What to produce:
Your task is to copy the lines of the data below from the line holding "#236=DIRECTION('',(0.,1.,0.));" through the line holding "#249=ORIENTED_EDGE('',*,*,#132,.F.);", inclusive, exactly and with nothing added.
Start of Exercise input
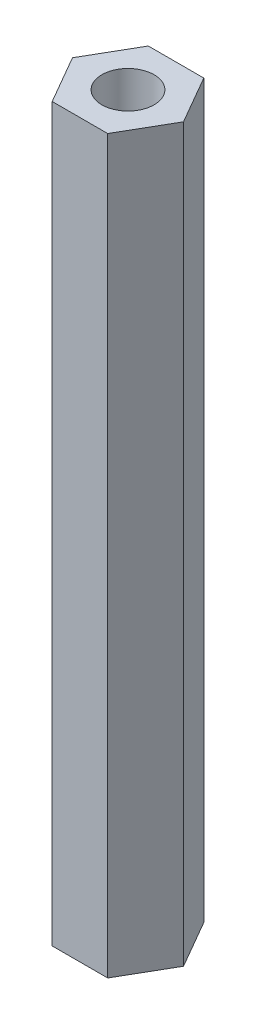
ISO-10303-21;
HEADER;
FILE_DESCRIPTION(('STEP AP214'),'2;1');
FILE_NAME('part.step','',(''),(''),'','','');
FILE_SCHEMA(('AUTOMOTIVE_DESIGN { 1 0 10303 214 1 1 1 1 }'));
ENDSEC;
DATA;
#1=APPLICATION_CONTEXT('core data for automotive mechanical design processes');
#2=APPLICATION_PROTOCOL_DEFINITION('international standard','automotive_design',2000,#1);
#3=PRODUCT_CONTEXT('',#1,'mechanical');
#4=PRODUCT('Part','Part','',(#3));
#5=PRODUCT_RELATED_PRODUCT_CATEGORY('part','',(#4));
#6=PRODUCT_DEFINITION_FORMATION('','',#4);
#7=PRODUCT_DEFINITION_CONTEXT('part definition',#1,'design');
#8=PRODUCT_DEFINITION('design','',#6,#7);
#9=PRODUCT_DEFINITION_SHAPE('','',#8);
#10=(LENGTH_UNIT() NAMED_UNIT(*) SI_UNIT(.MILLI.,.METRE.));
#11=(NAMED_UNIT(*) PLANE_ANGLE_UNIT() SI_UNIT($,.RADIAN.));
#12=(NAMED_UNIT(*) SI_UNIT($,.STERADIAN.) SOLID_ANGLE_UNIT());
#13=UNCERTAINTY_MEASURE_WITH_UNIT(LENGTH_MEASURE(1.E-05),#10,'distance_accuracy_value','');
#14=(GEOMETRIC_REPRESENTATION_CONTEXT(3) GLOBAL_UNCERTAINTY_ASSIGNED_CONTEXT((#13)) GLOBAL_UNIT_ASSIGNED_CONTEXT((#10,
#11,#12)) REPRESENTATION_CONTEXT('',''));
#15=CARTESIAN_POINT('',(0.,0.,0.));
#16=DIRECTION('',(0.,0.,1.));
#17=DIRECTION('',(1.,0.,0.));
#18=AXIS2_PLACEMENT_3D('',#15,#16,#17);
#19=CARTESIAN_POINT('',(-1.32790561913614,17.5,2.3));
#20=DIRECTION('',(0.,0.,-1.));
#21=DIRECTION('',(-1.,0.,0.));
#22=AXIS2_PLACEMENT_3D('',#19,#20,#21);
#23=PLANE('',#22);
#24=DIRECTION('',(1.,0.,0.));
#25=VECTOR('',#24,1.);
#26=CARTESIAN_POINT('',(-1.32790561913614,-17.5,2.3));
#27=LINE('',#26,#25);
#28=CARTESIAN_POINT('',(-1.32790561913614,-17.5,2.3));
#29=VERTEX_POINT('',#28);
#30=CARTESIAN_POINT('',(1.32790561913614,-17.5,2.3));
#31=VERTEX_POINT('',#30);
#32=EDGE_CURVE('E121',#29,#31,#27,.T.);
#33=ORIENTED_EDGE('',*,*,#32,.T.);
#34=DIRECTION('',(0.,-1.,0.));
#35=VECTOR('',#34,1.);
#36=CARTESIAN_POINT('',(1.32790561913614,17.5,2.3));
#37=LINE('',#36,#35);
#38=CARTESIAN_POINT('',(1.32790561913614,17.5,2.3));
#39=VERTEX_POINT('',#38);
#40=EDGE_CURVE('E11',#39,#31,#37,.T.);
#41=ORIENTED_EDGE('',*,*,#40,.F.);
#42=DIRECTION('',(1.,0.,0.));
#43=VECTOR('',#42,1.);
#44=CARTESIAN_POINT('',(-1.32790561913614,17.5,2.3));
#45=LINE('',#44,#43);
#46=CARTESIAN_POINT('',(-1.32790561913614,17.5,2.3));
#47=VERTEX_POINT('',#46);
#48=EDGE_CURVE('E132',#47,#39,#45,.T.);
#49=ORIENTED_EDGE('',*,*,#48,.F.);
#50=DIRECTION('',(0.,-1.,0.));
#51=VECTOR('',#50,1.);
#52=CARTESIAN_POINT('',(-1.32790561913614,17.5,2.3));
#53=LINE('',#52,#51);
#54=EDGE_CURVE('E117',#47,#29,#53,.T.);
#55=ORIENTED_EDGE('',*,*,#54,.T.);
#56=EDGE_LOOP('',(#33,#41,#49,#55));
#57=FACE_BOUND('',#56,.T.);
#58=ADVANCED_FACE('F37',(#57),#23,.F.);
#59=CARTESIAN_POINT('',(1.32790561913614,17.5,2.3));
#60=DIRECTION('',(-0.866025403784439,0.,-0.5));
#61=DIRECTION('',(-0.5,0.,0.866025403784439));
#62=AXIS2_PLACEMENT_3D('',#59,#60,#61);
#63=PLANE('',#62);
#64=DIRECTION('',(0.5,0.,-0.866025403784438));
#65=VECTOR('',#64,1.);
#66=CARTESIAN_POINT('',(1.32790561913614,-17.5,2.3));
#67=LINE('',#66,#65);
#68=CARTESIAN_POINT('',(2.65581123827228,-17.5,0.));
#69=VERTEX_POINT('',#68);
#70=EDGE_CURVE('E124',#31,#69,#67,.T.);
#71=ORIENTED_EDGE('',*,*,#70,.T.);
#72=DIRECTION('',(0.,-1.,0.));
#73=VECTOR('',#72,1.);
#74=CARTESIAN_POINT('',(2.65581123827228,17.5,0.));
#75=LINE('',#74,#73);
#76=CARTESIAN_POINT('',(2.65581123827228,17.5,0.));
#77=VERTEX_POINT('',#76);
#78=EDGE_CURVE('E45',#77,#69,#75,.T.);
#79=ORIENTED_EDGE('',*,*,#78,.F.);
#80=DIRECTION('',(0.5,0.,-0.866025403784438));
#81=VECTOR('',#80,1.);
#82=CARTESIAN_POINT('',(1.32790561913614,17.5,2.3));
#83=LINE('',#82,#81);
#84=EDGE_CURVE('E90',#39,#77,#83,.T.);
#85=ORIENTED_EDGE('',*,*,#84,.F.);
#86=ORIENTED_EDGE('',*,*,#40,.T.);
#87=EDGE_LOOP('',(#71,#79,#85,#86));
#88=FACE_BOUND('',#87,.T.);
#89=ADVANCED_FACE('F157',(#88),#63,.F.);
#90=CARTESIAN_POINT('',(2.65581123827228,17.5,0.));
#91=DIRECTION('',(-0.866025403784439,0.,0.5));
#92=DIRECTION('',(0.5,0.,0.866025403784439));
#93=AXIS2_PLACEMENT_3D('',#90,#91,#92);
#94=PLANE('',#93);
#95=DIRECTION('',(-0.5,0.,-0.866025403784439));
#96=VECTOR('',#95,1.);
#97=CARTESIAN_POINT('',(2.65581123827228,-17.5,0.));
#98=LINE('',#97,#96);
#99=CARTESIAN_POINT('',(1.32790561913614,-17.5,-2.3));
#100=VERTEX_POINT('',#99);
#101=EDGE_CURVE('E127',#69,#100,#98,.T.);
#102=ORIENTED_EDGE('',*,*,#101,.T.);
#103=DIRECTION('',(0.,-1.,0.));
#104=VECTOR('',#103,1.);
#105=CARTESIAN_POINT('',(1.32790561913614,17.5,-2.3));
#106=LINE('',#105,#104);
#107=CARTESIAN_POINT('',(1.32790561913614,17.5,-2.3));
#108=VERTEX_POINT('',#107);
#109=EDGE_CURVE('E112',#108,#100,#106,.T.);
#110=ORIENTED_EDGE('',*,*,#109,.F.);
#111=DIRECTION('',(-0.5,0.,-0.866025403784439));
#112=VECTOR('',#111,1.);
#113=CARTESIAN_POINT('',(2.65581123827228,17.5,0.));
#114=LINE('',#113,#112);
#115=EDGE_CURVE('E103',#77,#108,#114,.T.);
#116=ORIENTED_EDGE('',*,*,#115,.F.);
#117=ORIENTED_EDGE('',*,*,#78,.T.);
#118=EDGE_LOOP('',(#102,#110,#116,#117));
#119=FACE_BOUND('',#118,.T.);
#120=ADVANCED_FACE('F138',(#119),#94,.F.);
#121=CARTESIAN_POINT('',(1.32790561913614,17.5,-2.3));
#122=DIRECTION('',(0.,0.,1.));
#123=DIRECTION('',(1.,0.,0.));
#124=AXIS2_PLACEMENT_3D('',#121,#122,#123);
#125=PLANE('',#124);
#126=DIRECTION('',(-1.,0.,0.));
#127=VECTOR('',#126,1.);
#128=CARTESIAN_POINT('',(1.32790561913614,-17.5,-2.3));
#129=LINE('',#128,#127);
#130=CARTESIAN_POINT('',(-1.32790561913614,-17.5,-2.3));
#131=VERTEX_POINT('',#130);
#132=EDGE_CURVE('E111',#100,#131,#129,.T.);
#133=ORIENTED_EDGE('',*,*,#132,.T.);
#134=DIRECTION('',(0.,-1.,0.));
#135=VECTOR('',#134,1.);
#136=CARTESIAN_POINT('',(-1.32790561913614,17.5,-2.3));
#137=LINE('',#136,#135);
#138=CARTESIAN_POINT('',(-1.32790561913614,17.5,-2.3));
#139=VERTEX_POINT('',#138);
#140=EDGE_CURVE('E108',#139,#131,#137,.T.);
#141=ORIENTED_EDGE('',*,*,#140,.F.);
#142=DIRECTION('',(-1.,0.,0.));
#143=VECTOR('',#142,1.);
#144=CARTESIAN_POINT('',(1.32790561913614,17.5,-2.3));
#145=LINE('',#144,#143);
#146=EDGE_CURVE('E97',#108,#139,#145,.T.);
#147=ORIENTED_EDGE('',*,*,#146,.F.);
#148=ORIENTED_EDGE('',*,*,#109,.T.);
#149=EDGE_LOOP('',(#133,#141,#147,#148));
#150=FACE_BOUND('',#149,.T.);
#151=ADVANCED_FACE('F109',(#150),#125,.F.);
#152=CARTESIAN_POINT('',(-1.32790561913614,17.5,-2.3));
#153=DIRECTION('',(0.866025403784439,0.,0.5));
#154=DIRECTION('',(0.5,0.,-0.866025403784439));
#155=AXIS2_PLACEMENT_3D('',#152,#153,#154);
#156=PLANE('',#155);
#157=DIRECTION('',(-0.5,0.,0.866025403784439));
#158=VECTOR('',#157,1.);
#159=CARTESIAN_POINT('',(-1.32790561913614,-17.5,-2.3));
#160=LINE('',#159,#158);
#161=CARTESIAN_POINT('',(-2.65581123827228,-17.5,0.));
#162=VERTEX_POINT('',#161);
#163=EDGE_CURVE('E76',#131,#162,#160,.T.);
#164=ORIENTED_EDGE('',*,*,#163,.T.);
#165=DIRECTION('',(0.,-1.,0.));
#166=VECTOR('',#165,1.);
#167=CARTESIAN_POINT('',(-2.65581123827228,17.5,0.));
#168=LINE('',#167,#166);
#169=CARTESIAN_POINT('',(-2.65581123827228,17.5,0.));
#170=VERTEX_POINT('',#169);
#171=EDGE_CURVE('E113',#170,#162,#168,.T.);
#172=ORIENTED_EDGE('',*,*,#171,.F.);
#173=DIRECTION('',(-0.5,0.,0.866025403784439));
#174=VECTOR('',#173,1.);
#175=CARTESIAN_POINT('',(-1.32790561913614,17.5,-2.3));
#176=LINE('',#175,#174);
#177=EDGE_CURVE('E101',#139,#170,#176,.T.);
#178=ORIENTED_EDGE('',*,*,#177,.F.);
#179=ORIENTED_EDGE('',*,*,#140,.T.);
#180=EDGE_LOOP('',(#164,#172,#178,#179));
#181=FACE_BOUND('',#180,.T.);
#182=ADVANCED_FACE('F115',(#181),#156,.F.);
#183=CARTESIAN_POINT('',(-2.65581123827228,17.5,0.));
#184=DIRECTION('',(0.866025403784439,0.,-0.5));
#185=DIRECTION('',(-0.5,0.,-0.866025403784439));
#186=AXIS2_PLACEMENT_3D('',#183,#184,#185);
#187=PLANE('',#186);
#188=DIRECTION('',(0.5,0.,0.866025403784439));
#189=VECTOR('',#188,1.);
#190=CARTESIAN_POINT('',(-2.65581123827228,-17.5,0.));
#191=LINE('',#190,#189);
#192=EDGE_CURVE('E82',#162,#29,#191,.T.);
#193=ORIENTED_EDGE('',*,*,#192,.T.);
#194=ORIENTED_EDGE('',*,*,#54,.F.);
#195=DIRECTION('',(0.5,0.,0.866025403784439));
#196=VECTOR('',#195,1.);
#197=CARTESIAN_POINT('',(-2.65581123827228,17.5,0.));
#198=LINE('',#197,#196);
#199=EDGE_CURVE('E53',#170,#47,#198,.T.);
#200=ORIENTED_EDGE('',*,*,#199,.F.);
#201=ORIENTED_EDGE('',*,*,#171,.T.);
#202=EDGE_LOOP('',(#193,#194,#200,#201));
#203=FACE_BOUND('',#202,.T.);
#204=ADVANCED_FACE('F145',(#203),#187,.F.);
#205=CARTESIAN_POINT('',(0.,17.5,0.));
#206=DIRECTION('',(0.,1.,0.));
#207=DIRECTION('',(0.,0.,1.));
#208=AXIS2_PLACEMENT_3D('',#205,#206,#207);
#209=PLANE('',#208);
#210=CARTESIAN_POINT('',(0.,17.5,0.));
#211=DIRECTION('',(0.,1.,0.));
#212=DIRECTION('',(0.,0.,1.));
#213=AXIS2_PLACEMENT_3D('',#210,#211,#212);
#214=CIRCLE('',#213,1.25);
#215=CARTESIAN_POINT('',(0.,17.5,1.25));
#216=VERTEX_POINT('',#215);
#217=EDGE_CURVE('E226',#216,#216,#214,.T.);
#218=ORIENTED_EDGE('',*,*,#217,.F.);
#219=EDGE_LOOP('',(#218));
#220=FACE_BOUND('',#219,.T.);
#221=ORIENTED_EDGE('',*,*,#48,.T.);
#222=ORIENTED_EDGE('',*,*,#84,.T.);
#223=ORIENTED_EDGE('',*,*,#115,.T.);
#224=ORIENTED_EDGE('',*,*,#146,.T.);
#225=ORIENTED_EDGE('',*,*,#177,.T.);
#226=ORIENTED_EDGE('',*,*,#199,.T.);
#227=EDGE_LOOP('',(#221,#222,#223,#224,#225,#226));
#228=FACE_BOUND('',#227,.T.);
#229=ADVANCED_FACE('F99',(#220,#228),#209,.T.);
#230=CARTESIAN_POINT('',(0.,-17.5,0.));
#231=DIRECTION('',(0.,1.,0.));
#232=DIRECTION('',(0.,0.,1.));
#233=AXIS2_PLACEMENT_3D('',#230,#231,#232);
#234=PLANE('',#233);
#235=CARTESIAN_POINT('',(0.,-17.5,0.));
#236=DIRECTION('',(0.,1.,0.));
#237=DIRECTION('',(0.,0.,1.));
#238=AXIS2_PLACEMENT_3D('',#235,#236,#237);
#239=CIRCLE('',#238,1.24999999999999);
#240=CARTESIAN_POINT('',(0.,-17.5,1.24999999999999));
#241=VERTEX_POINT('',#240);
#242=EDGE_CURVE('E125',#241,#241,#239,.T.);
#243=ORIENTED_EDGE('',*,*,#242,.T.);
#244=EDGE_LOOP('',(#243));
#245=FACE_BOUND('',#244,.T.);
#246=ORIENTED_EDGE('',*,*,#32,.F.);
#247=ORIENTED_EDGE('',*,*,#192,.F.);
#248=ORIENTED_EDGE('',*,*,#163,.F.);
#249=ORIENTED_EDGE('',*,*,#132,.F.);
#250=ORIENTED_EDGE('',*,*,#101,.F.);
#251=ORIENTED_EDGE('',*,*,#70,.F.);
#252=EDGE_LOOP('',(#246,#247,#248,#249,#250,#251));
#253=FACE_BOUND('',#252,.T.);
#254=ADVANCED_FACE('F141',(#245,#253),#234,.F.);
#255=CARTESIAN_POINT('',(0.,17.5,0.));
#256=DIRECTION('',(0.,1.,0.));
#257=DIRECTION('',(0.,0.,1.));
#258=AXIS2_PLACEMENT_3D('',#255,#256,#257);
#259=CYLINDRICAL_SURFACE('',#258,1.24999999999999);
#260=ORIENTED_EDGE('',*,*,#242,.F.);
#261=EDGE_LOOP('',(#260));
#262=FACE_BOUND('',#261,.T.);
#263=ORIENTED_EDGE('',*,*,#217,.T.);
#264=EDGE_LOOP('',(#263));
#265=FACE_BOUND('',#264,.T.);
#266=ADVANCED_FACE('F194',(#262,#265),#259,.F.);
#267=CLOSED_SHELL('',(#58,#89,#120,#151,#182,#204,#229,#254,#266));
#268=MANIFOLD_SOLID_BREP('B2',#267);
#269=ADVANCED_BREP_SHAPE_REPRESENTATION('',(#18,#268),#14);
#270=SHAPE_DEFINITION_REPRESENTATION(#9,#269);
ENDSEC;
END-ISO-10303-21;
End of Exercise input
Solution to the problem:
#236=DIRECTION('',(0.,1.,0.));
#237=DIRECTION('',(0.,0.,1.));
#238=AXIS2_PLACEMENT_3D('',#235,#236,#237);
#239=CIRCLE('',#238,1.24999999999999);
#240=CARTESIAN_POINT('',(0.,-17.5,1.24999999999999));
#241=VERTEX_POINT('',#240);
#242=EDGE_CURVE('E125',#241,#241,#239,.T.);
#243=ORIENTED_EDGE('',*,*,#242,.T.);
#244=EDGE_LOOP('',(#243));
#245=FACE_BOUND('',#244,.T.);
#246=ORIENTED_EDGE('',*,*,#32,.F.);
#247=ORIENTED_EDGE('',*,*,#192,.F.);
#248=ORIENTED_EDGE('',*,*,#163,.F.);
#249=ORIENTED_EDGE('',*,*,#132,.F.);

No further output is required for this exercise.